**GOAL OF THE EXERCISE**.
Copy out exactly the lines below that run from the one holding "#79=ORIENTED_EDGE('',*,*,#78,.F.);" to the one holding "#134=DIRECTION('',(0.,0.,-1.));", keeping both of those lines and no others.

[[ PROVIDED DATA open ]]

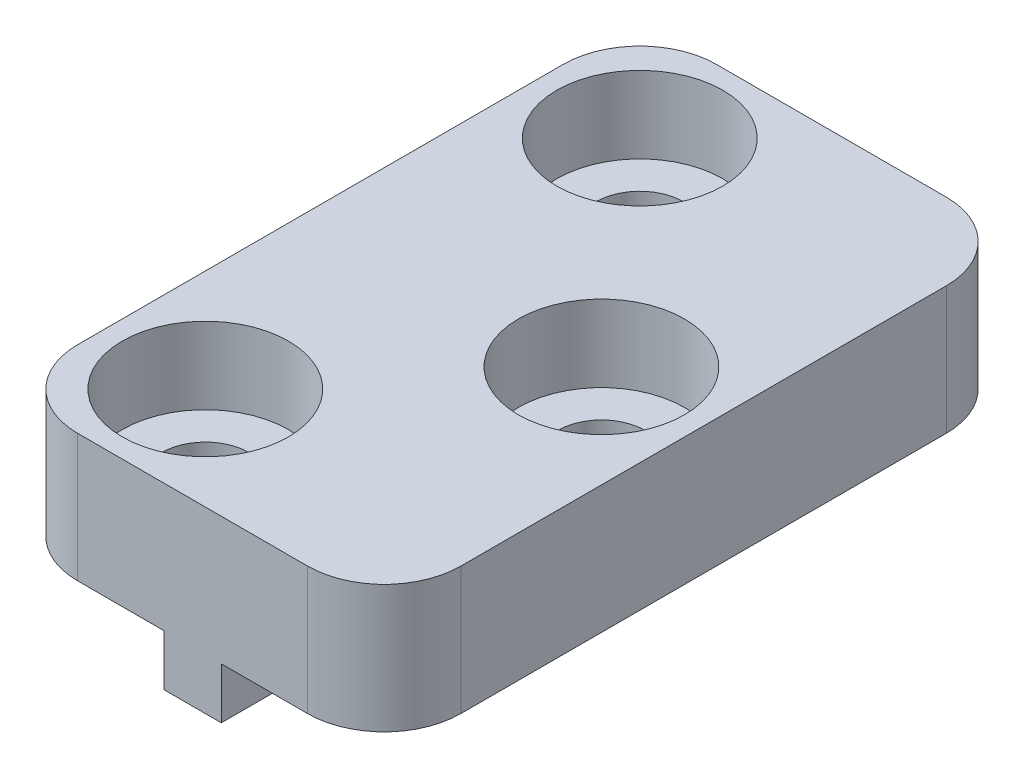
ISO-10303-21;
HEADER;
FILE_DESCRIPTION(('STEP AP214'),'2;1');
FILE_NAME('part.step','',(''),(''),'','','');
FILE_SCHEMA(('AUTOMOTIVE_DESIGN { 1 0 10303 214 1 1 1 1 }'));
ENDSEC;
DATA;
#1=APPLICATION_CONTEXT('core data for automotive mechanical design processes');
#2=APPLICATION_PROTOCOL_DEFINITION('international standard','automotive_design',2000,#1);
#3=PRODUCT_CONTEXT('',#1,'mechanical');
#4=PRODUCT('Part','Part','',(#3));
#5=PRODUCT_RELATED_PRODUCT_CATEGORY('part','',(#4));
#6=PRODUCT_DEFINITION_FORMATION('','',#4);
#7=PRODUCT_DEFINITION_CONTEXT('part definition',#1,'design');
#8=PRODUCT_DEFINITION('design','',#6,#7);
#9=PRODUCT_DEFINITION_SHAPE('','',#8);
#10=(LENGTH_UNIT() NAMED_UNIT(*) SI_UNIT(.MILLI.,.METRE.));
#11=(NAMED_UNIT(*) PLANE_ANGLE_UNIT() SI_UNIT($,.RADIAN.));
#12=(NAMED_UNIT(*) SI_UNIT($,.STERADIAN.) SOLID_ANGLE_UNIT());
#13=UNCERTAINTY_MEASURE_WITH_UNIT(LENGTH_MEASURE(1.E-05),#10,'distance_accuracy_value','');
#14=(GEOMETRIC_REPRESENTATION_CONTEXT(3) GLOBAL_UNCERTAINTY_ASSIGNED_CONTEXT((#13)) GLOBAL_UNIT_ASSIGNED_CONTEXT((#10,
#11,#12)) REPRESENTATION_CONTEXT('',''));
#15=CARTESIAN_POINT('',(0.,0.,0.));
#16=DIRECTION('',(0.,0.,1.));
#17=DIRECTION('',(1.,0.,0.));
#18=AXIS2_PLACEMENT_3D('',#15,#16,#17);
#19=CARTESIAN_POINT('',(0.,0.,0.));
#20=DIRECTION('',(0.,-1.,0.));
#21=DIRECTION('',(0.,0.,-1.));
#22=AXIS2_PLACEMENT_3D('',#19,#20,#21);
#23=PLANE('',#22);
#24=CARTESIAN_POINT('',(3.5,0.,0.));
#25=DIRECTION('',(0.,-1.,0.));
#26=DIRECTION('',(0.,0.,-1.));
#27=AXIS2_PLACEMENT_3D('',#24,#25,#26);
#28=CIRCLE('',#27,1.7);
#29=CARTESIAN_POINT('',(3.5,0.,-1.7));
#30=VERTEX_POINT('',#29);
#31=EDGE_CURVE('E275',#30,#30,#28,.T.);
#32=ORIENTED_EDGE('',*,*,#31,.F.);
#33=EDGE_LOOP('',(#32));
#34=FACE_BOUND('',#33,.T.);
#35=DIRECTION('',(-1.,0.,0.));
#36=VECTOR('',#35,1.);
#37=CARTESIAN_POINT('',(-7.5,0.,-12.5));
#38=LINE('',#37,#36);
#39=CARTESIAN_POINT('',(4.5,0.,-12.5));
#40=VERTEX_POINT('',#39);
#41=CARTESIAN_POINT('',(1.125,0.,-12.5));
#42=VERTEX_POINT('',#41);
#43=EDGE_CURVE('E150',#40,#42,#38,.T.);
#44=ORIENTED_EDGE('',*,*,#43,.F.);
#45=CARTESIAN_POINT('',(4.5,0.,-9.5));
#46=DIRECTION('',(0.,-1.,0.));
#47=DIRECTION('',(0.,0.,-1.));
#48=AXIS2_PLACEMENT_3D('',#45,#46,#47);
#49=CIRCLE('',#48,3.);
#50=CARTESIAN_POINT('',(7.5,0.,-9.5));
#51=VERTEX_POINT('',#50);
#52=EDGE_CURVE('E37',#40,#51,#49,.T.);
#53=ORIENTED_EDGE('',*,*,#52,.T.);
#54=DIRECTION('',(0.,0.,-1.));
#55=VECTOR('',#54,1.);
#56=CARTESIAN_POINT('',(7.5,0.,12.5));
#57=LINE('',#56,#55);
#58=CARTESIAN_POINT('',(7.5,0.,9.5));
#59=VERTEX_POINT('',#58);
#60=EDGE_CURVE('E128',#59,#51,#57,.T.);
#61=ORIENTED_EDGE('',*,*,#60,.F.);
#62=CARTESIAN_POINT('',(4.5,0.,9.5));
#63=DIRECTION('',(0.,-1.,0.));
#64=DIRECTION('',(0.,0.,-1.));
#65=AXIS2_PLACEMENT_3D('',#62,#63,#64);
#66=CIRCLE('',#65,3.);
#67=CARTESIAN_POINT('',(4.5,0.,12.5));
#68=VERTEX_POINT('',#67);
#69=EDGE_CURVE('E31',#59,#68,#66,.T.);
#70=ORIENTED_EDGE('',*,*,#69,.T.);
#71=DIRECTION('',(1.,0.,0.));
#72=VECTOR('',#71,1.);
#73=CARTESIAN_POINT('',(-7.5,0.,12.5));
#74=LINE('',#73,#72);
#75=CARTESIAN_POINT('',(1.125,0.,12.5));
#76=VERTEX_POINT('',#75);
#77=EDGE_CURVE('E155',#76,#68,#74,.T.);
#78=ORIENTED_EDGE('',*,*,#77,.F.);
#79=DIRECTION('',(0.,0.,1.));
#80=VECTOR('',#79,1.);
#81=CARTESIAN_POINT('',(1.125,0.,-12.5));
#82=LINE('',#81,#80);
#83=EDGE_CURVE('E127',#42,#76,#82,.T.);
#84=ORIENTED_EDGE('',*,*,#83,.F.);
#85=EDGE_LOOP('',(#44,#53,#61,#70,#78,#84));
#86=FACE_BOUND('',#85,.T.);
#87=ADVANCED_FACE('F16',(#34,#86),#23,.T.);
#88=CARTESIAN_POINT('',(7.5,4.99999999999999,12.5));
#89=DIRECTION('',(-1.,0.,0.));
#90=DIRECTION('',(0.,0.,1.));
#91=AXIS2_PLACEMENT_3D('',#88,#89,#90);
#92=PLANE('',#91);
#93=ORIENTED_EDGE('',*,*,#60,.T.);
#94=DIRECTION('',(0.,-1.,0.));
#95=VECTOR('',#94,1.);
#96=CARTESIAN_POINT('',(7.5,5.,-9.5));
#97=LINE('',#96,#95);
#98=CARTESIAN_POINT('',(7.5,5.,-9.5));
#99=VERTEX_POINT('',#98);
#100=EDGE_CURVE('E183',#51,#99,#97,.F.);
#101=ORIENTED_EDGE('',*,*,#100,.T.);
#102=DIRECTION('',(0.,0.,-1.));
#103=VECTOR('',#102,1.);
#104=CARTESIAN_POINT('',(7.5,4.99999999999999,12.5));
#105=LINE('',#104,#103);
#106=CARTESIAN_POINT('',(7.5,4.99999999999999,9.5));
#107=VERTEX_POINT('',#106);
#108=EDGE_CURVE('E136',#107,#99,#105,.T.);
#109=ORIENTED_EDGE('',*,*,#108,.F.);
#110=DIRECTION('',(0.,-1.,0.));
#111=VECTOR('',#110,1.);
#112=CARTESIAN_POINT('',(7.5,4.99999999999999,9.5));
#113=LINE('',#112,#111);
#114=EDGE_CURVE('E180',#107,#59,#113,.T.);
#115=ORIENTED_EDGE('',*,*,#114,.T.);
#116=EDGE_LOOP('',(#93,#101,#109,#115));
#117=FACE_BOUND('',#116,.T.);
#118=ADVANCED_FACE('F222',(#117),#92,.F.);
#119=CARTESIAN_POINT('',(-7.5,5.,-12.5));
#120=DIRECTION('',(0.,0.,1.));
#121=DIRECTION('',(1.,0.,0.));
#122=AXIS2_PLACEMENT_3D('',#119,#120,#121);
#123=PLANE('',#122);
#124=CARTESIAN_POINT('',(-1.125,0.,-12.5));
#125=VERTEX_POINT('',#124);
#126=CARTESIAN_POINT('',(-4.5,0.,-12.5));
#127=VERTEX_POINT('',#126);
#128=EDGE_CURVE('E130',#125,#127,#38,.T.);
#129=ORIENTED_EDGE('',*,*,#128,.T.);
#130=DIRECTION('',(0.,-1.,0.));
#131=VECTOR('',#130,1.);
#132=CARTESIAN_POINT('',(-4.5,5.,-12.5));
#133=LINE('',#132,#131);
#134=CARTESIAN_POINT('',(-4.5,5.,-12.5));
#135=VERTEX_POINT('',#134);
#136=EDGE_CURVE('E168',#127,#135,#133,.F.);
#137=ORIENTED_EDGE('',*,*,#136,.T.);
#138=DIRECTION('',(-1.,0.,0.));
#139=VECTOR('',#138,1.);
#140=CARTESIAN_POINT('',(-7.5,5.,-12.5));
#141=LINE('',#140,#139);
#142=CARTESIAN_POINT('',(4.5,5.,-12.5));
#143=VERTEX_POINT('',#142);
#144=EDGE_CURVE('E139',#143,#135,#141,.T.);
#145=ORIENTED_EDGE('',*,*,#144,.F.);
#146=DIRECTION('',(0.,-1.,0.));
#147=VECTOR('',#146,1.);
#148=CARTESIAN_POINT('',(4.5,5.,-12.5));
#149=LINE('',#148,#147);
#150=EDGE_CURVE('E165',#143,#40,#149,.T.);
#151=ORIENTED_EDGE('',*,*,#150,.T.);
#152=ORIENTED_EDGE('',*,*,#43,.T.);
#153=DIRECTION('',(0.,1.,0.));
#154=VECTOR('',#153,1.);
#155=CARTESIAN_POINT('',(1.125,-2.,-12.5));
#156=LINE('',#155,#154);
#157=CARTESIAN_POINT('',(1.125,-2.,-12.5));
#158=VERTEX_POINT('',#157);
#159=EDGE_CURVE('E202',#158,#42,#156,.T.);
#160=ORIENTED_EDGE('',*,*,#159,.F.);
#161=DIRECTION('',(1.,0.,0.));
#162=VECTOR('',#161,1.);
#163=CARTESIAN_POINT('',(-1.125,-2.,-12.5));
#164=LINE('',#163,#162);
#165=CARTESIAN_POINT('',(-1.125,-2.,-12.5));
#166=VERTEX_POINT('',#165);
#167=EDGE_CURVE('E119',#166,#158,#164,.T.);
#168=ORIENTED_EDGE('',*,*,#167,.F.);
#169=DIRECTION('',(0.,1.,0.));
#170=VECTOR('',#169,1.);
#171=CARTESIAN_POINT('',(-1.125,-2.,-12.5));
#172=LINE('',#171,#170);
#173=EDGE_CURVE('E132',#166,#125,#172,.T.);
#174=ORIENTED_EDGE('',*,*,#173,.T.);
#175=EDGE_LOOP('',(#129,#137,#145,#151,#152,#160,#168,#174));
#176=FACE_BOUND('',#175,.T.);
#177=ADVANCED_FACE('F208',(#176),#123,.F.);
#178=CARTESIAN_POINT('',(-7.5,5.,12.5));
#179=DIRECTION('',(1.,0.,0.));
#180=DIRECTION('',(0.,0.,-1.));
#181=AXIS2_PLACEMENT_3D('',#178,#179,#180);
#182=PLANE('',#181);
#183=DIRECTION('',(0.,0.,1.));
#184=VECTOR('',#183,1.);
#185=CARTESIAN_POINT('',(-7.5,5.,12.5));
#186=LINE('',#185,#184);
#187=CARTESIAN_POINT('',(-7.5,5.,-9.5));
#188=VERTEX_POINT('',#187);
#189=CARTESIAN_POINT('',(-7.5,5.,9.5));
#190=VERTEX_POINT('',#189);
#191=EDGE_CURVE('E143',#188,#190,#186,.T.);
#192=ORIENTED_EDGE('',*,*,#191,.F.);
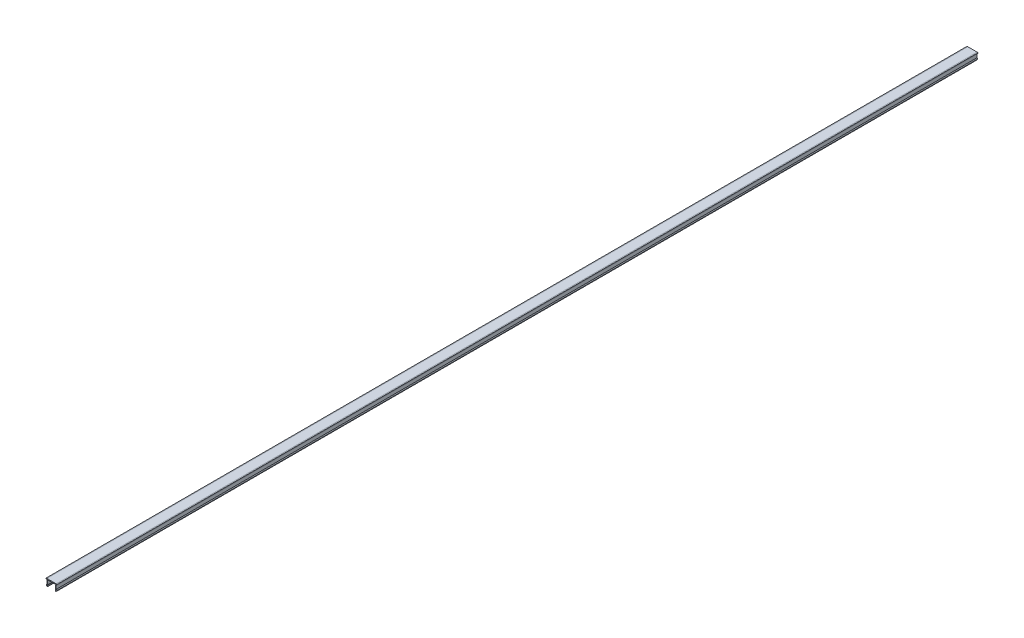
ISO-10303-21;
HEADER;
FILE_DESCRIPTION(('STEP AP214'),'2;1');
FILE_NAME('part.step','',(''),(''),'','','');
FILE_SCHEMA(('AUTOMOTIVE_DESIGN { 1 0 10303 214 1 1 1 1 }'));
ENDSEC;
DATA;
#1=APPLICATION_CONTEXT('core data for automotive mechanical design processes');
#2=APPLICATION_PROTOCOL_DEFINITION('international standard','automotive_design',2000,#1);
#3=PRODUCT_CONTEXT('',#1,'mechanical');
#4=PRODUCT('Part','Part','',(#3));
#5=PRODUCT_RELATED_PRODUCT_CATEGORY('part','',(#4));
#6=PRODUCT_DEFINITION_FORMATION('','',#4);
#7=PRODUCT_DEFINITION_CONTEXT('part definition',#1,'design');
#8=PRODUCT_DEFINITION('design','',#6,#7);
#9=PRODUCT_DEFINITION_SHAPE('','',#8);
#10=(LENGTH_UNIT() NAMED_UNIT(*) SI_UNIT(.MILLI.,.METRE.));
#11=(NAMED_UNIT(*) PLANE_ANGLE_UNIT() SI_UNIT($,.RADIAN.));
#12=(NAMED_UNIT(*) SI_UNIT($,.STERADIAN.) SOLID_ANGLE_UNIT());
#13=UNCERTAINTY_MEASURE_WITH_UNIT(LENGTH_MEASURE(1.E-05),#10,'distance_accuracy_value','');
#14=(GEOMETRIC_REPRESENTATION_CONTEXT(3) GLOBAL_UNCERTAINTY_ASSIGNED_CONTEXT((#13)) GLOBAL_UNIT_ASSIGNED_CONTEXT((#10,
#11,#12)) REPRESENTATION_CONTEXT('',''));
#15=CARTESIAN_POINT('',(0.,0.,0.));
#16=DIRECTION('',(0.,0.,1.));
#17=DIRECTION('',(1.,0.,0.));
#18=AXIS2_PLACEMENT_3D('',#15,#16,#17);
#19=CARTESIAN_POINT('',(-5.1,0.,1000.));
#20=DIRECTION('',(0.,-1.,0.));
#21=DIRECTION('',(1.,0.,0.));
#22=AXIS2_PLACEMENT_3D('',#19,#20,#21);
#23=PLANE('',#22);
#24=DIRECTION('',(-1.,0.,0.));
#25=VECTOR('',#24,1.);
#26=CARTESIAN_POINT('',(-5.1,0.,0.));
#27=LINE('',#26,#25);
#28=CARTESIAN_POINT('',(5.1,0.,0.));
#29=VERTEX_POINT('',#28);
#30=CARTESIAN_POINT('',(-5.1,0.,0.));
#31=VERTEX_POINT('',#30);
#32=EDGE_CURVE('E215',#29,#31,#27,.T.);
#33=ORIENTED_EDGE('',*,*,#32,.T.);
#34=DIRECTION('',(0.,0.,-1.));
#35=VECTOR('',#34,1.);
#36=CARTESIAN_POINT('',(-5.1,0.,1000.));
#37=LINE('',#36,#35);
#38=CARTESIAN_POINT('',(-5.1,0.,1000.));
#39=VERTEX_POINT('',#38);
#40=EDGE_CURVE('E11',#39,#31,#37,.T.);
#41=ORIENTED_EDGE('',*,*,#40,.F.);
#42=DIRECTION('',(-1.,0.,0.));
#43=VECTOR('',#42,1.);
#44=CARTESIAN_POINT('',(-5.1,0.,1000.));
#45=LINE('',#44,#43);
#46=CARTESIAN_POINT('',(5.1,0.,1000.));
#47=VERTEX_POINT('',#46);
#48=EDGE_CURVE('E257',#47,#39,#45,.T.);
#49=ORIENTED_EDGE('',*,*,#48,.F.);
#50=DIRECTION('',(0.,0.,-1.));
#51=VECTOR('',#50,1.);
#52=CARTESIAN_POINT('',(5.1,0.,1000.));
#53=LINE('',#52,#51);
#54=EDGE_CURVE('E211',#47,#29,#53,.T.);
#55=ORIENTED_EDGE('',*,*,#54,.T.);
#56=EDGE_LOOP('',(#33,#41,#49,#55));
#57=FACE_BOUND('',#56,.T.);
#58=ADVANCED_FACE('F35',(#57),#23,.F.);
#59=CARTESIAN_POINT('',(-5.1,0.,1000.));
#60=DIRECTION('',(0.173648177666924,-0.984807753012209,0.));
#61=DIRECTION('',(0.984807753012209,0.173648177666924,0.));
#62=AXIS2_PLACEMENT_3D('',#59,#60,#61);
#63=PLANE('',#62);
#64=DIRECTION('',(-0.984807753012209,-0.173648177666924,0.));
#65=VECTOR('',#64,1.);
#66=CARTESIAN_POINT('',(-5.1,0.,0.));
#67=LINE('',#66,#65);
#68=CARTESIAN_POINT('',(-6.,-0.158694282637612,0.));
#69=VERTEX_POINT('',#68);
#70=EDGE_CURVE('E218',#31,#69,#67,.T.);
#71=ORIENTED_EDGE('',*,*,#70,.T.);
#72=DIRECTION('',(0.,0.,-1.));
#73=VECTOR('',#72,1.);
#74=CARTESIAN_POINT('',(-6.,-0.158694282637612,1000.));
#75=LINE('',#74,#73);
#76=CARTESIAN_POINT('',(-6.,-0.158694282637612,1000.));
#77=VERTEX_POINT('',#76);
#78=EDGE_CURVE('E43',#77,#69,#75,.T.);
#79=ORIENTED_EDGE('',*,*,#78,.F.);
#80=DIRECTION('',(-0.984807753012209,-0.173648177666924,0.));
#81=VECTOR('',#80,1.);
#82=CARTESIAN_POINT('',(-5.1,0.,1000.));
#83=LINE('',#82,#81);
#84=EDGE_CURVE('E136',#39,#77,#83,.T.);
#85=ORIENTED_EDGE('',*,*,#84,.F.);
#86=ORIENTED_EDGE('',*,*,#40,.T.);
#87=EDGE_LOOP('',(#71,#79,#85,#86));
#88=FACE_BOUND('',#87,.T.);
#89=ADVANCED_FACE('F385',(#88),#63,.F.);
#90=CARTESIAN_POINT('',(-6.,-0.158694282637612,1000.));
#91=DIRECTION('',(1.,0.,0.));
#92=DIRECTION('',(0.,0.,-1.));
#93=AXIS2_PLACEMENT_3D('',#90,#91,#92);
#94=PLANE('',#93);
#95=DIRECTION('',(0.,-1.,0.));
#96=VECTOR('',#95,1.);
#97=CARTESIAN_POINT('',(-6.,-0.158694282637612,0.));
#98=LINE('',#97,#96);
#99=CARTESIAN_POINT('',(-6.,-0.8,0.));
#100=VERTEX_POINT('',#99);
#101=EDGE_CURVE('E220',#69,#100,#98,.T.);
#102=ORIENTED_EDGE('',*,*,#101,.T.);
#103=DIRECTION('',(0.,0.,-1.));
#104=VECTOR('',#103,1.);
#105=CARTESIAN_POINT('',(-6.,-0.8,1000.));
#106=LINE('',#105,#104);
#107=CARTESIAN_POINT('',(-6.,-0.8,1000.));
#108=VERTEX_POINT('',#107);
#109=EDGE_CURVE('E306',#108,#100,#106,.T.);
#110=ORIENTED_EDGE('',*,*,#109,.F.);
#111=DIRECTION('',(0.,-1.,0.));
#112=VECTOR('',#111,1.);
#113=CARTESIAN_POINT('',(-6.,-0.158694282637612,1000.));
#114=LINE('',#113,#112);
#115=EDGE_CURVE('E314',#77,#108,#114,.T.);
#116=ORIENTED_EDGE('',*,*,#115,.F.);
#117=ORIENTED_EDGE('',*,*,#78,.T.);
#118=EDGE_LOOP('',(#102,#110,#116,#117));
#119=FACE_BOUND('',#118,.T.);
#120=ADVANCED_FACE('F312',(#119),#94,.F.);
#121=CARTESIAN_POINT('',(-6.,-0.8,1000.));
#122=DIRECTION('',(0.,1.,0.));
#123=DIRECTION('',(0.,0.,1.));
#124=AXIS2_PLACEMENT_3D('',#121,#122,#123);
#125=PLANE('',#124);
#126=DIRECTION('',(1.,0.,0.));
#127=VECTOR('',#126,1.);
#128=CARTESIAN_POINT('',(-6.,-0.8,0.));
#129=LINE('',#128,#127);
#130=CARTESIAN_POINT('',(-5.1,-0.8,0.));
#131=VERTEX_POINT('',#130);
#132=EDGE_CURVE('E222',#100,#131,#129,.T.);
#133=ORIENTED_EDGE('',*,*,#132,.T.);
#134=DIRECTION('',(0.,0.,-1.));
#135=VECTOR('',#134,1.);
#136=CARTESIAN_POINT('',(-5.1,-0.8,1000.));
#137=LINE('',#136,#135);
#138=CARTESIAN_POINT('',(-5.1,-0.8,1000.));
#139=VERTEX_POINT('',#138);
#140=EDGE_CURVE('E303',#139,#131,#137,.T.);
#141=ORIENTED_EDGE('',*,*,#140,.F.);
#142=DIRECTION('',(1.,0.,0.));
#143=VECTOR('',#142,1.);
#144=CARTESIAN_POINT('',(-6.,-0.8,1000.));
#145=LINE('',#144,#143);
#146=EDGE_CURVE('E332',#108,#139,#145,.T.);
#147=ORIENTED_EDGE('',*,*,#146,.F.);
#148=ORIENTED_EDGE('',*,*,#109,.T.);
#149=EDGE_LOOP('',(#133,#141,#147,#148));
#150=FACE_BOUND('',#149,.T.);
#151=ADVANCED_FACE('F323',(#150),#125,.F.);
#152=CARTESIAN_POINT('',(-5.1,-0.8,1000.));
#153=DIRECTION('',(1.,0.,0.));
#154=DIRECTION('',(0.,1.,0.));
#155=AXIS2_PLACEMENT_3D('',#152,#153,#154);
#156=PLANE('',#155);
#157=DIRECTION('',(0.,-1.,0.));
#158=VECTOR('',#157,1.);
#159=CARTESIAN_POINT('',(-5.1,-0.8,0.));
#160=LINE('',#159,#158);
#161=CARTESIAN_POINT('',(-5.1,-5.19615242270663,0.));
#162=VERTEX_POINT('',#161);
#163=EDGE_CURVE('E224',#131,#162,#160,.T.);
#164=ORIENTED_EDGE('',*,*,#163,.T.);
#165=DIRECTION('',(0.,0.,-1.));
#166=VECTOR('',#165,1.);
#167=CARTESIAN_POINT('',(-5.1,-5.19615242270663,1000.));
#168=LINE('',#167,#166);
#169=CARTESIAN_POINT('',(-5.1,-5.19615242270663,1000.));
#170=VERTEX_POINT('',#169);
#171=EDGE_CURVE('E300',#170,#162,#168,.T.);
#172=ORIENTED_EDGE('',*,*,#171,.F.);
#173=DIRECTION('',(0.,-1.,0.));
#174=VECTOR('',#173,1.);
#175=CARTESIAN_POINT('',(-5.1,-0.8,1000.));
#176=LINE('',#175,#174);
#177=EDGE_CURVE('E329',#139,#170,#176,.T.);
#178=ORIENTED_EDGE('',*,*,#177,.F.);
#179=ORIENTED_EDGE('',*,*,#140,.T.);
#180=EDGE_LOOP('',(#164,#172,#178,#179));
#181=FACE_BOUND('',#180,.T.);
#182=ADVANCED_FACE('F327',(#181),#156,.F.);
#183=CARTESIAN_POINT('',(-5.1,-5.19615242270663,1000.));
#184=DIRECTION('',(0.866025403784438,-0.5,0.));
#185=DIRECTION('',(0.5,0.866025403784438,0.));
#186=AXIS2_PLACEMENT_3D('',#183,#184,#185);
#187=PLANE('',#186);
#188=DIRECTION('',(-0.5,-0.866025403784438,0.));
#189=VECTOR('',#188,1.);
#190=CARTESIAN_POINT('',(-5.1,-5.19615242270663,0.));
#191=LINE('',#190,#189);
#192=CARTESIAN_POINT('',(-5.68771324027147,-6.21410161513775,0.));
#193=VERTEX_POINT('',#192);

[[ PROVIDED DATA closed ]]

**RESPONSE BOX**.
#79=ORIENTED_EDGE('',*,*,#78,.F.);
#80=DIRECTION('',(-0.984807753012209,-0.173648177666924,0.));
#81=VECTOR('',#80,1.);
#82=CARTESIAN_POINT('',(-5.1,0.,1000.));
#83=LINE('',#82,#81);
#84=EDGE_CURVE('E136',#39,#77,#83,.T.);
#85=ORIENTED_EDGE('',*,*,#84,.F.);
#86=ORIENTED_EDGE('',*,*,#40,.T.);
#87=EDGE_LOOP('',(#71,#79,#85,#86));
#88=FACE_BOUND('',#87,.T.);
#89=ADVANCED_FACE('F385',(#88),#63,.F.);
#90=CARTESIAN_POINT('',(-6.,-0.158694282637612,1000.));
#91=DIRECTION('',(1.,0.,0.));
#92=DIRECTION('',(0.,0.,-1.));
#93=AXIS2_PLACEMENT_3D('',#90,#91,#92);
#94=PLANE('',#93);
#95=DIRECTION('',(0.,-1.,0.));
#96=VECTOR('',#95,1.);
#97=CARTESIAN_POINT('',(-6.,-0.158694282637612,0.));
#98=LINE('',#97,#96);
#99=CARTESIAN_POINT('',(-6.,-0.8,0.));
#100=VERTEX_POINT('',#99);
#101=EDGE_CURVE('E220',#69,#100,#98,.T.);
#102=ORIENTED_EDGE('',*,*,#101,.T.);
#103=DIRECTION('',(0.,0.,-1.));
#104=VECTOR('',#103,1.);
#105=CARTESIAN_POINT('',(-6.,-0.8,1000.));
#106=LINE('',#105,#104);
#107=CARTESIAN_POINT('',(-6.,-0.8,1000.));
#108=VERTEX_POINT('',#107);
#109=EDGE_CURVE('E306',#108,#100,#106,.T.);
#110=ORIENTED_EDGE('',*,*,#109,.F.);
#111=DIRECTION('',(0.,-1.,0.));
#112=VECTOR('',#111,1.);
#113=CARTESIAN_POINT('',(-6.,-0.158694282637612,1000.));
#114=LINE('',#113,#112);
#115=EDGE_CURVE('E314',#77,#108,#114,.T.);
#116=ORIENTED_EDGE('',*,*,#115,.F.);
#117=ORIENTED_EDGE('',*,*,#78,.T.);
#118=EDGE_LOOP('',(#102,#110,#116,#117));
#119=FACE_BOUND('',#118,.T.);
#120=ADVANCED_FACE('F312',(#119),#94,.F.);
#121=CARTESIAN_POINT('',(-6.,-0.8,1000.));
#122=DIRECTION('',(0.,1.,0.));
#123=DIRECTION('',(0.,0.,1.));
#124=AXIS2_PLACEMENT_3D('',#121,#122,#123);
#125=PLANE('',#124);
#126=DIRECTION('',(1.,0.,0.));
#127=VECTOR('',#126,1.);
#128=CARTESIAN_POINT('',(-6.,-0.8,0.));
#129=LINE('',#128,#127);
#130=CARTESIAN_POINT('',(-5.1,-0.8,0.));
#131=VERTEX_POINT('',#130);
#132=EDGE_CURVE('E222',#100,#131,#129,.T.);
#133=ORIENTED_EDGE('',*,*,#132,.T.);
#134=DIRECTION('',(0.,0.,-1.));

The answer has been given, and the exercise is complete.